Wakil Presiden AS JD Vance mengatakan kedua pihak telah melakukan pembahasan substansial, namun belum mencapai titik temu. “Kami sudah berunding selama 21 jam dan melakukan sejumlah diskusi substantif, itu kabar baik. Kabar buruknya, kami belum mencapai kesepakatan, dan itu lebih buruk bagi Iran daripada bagi Amerika Serikat,” ujar Vance kepada wartawan.
Ia menegaskan bahwa Iran belum menerima syarat yang diajukan Washington. “Mereka memilih untuk tidak menerima syarat kami,” katanya.
Vance juga menyatakan AS belum melihat komitmen jangka panjang dari Iran untuk tidak mengembangkan senjata nuklir. “Pertanyaannya sederhana, apakah kami melihat komitmen mendasar dari Iran untuk tidak mengembangkan senjata nuklir, bukan hanya sekarang atau dua tahun ke depan, tetapi untuk jangka panjang. Kami belum melihat itu,” ujarnya.
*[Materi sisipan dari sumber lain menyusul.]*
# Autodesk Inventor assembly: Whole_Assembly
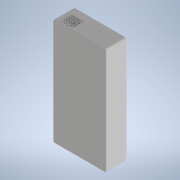
[picture p0: Inventor's stored thumbnail of the model, 180x180]
Saved by Autodesk Inventor 2021 (Build 250183000, 183)
## iProperties
Created: 2020-07-29
Part Number: Whole_Assembly
Document SubType Name: Assembly
Designer: ridvansong
Author: ridvansong
## Documents named in this file (4)
- \\Mac\Home\Documents\OP-1 Project\ipt_files\Whole_Assembly.iam
- \\Mac\Home\Documents\OP-1 Project\ipt_files\Backboard.ipt
- \\Mac\Home\Documents\OP-1 Project\ipt_files\Base.ipt
- \\Mac\Home\Documents\OP-1 Project\ipt_files\Cover.ipt
## Components (3 placed, 3 different names)
1. Backboard:1 — Mate:1, Mate:3, Mate:4
2. Base:1 — Mate:1, Flush:1, Flush:2, Mate:2, Mate:3, Mate:4
3. Cover:1 — Flush:1, Flush:2, Mate:2
## Relationships (6: Mate 4, Flush 2)
- Mate:1: Backboard:1 ↔ Base:1
- Flush:1: Base:1 ↔ Cover:1
- Flush:2: Base:1 ↔ Cover:1
- Mate:2: Base:1 ↔ Cover:1
- Mate:3 (3 mm): Backboard:1 ↔ Base:1
- Mate:4 (3 mm): Backboard:1 ↔ Base:1

Sebelumnya, juru bicara Kementerian Luar Negeri Iran, Esmail Baghaei, dalam unggahan di media sosial menggambarkan perundingan tersebut sebagai intensif. Namun, ia menyebut keberhasilan negosiasi yang sedang berlangsung bergantung pada keseriusan dan itikad baik dari pihak AS.
Baghaei juga menyerukan kepada Washington untuk menahan diri dari tuntutan yang berlebihan dan permintaan yang melanggar hukum” dan untuk menerima hak dan kepentingan sah Iran.
Media pemerintah Iran, IRIB, melaporkan kedua pihak sepakat melanjutkan perundingan hari ini atas usulan mediator Pakistan. (JB/ANADOLU/BBC/03/Wid)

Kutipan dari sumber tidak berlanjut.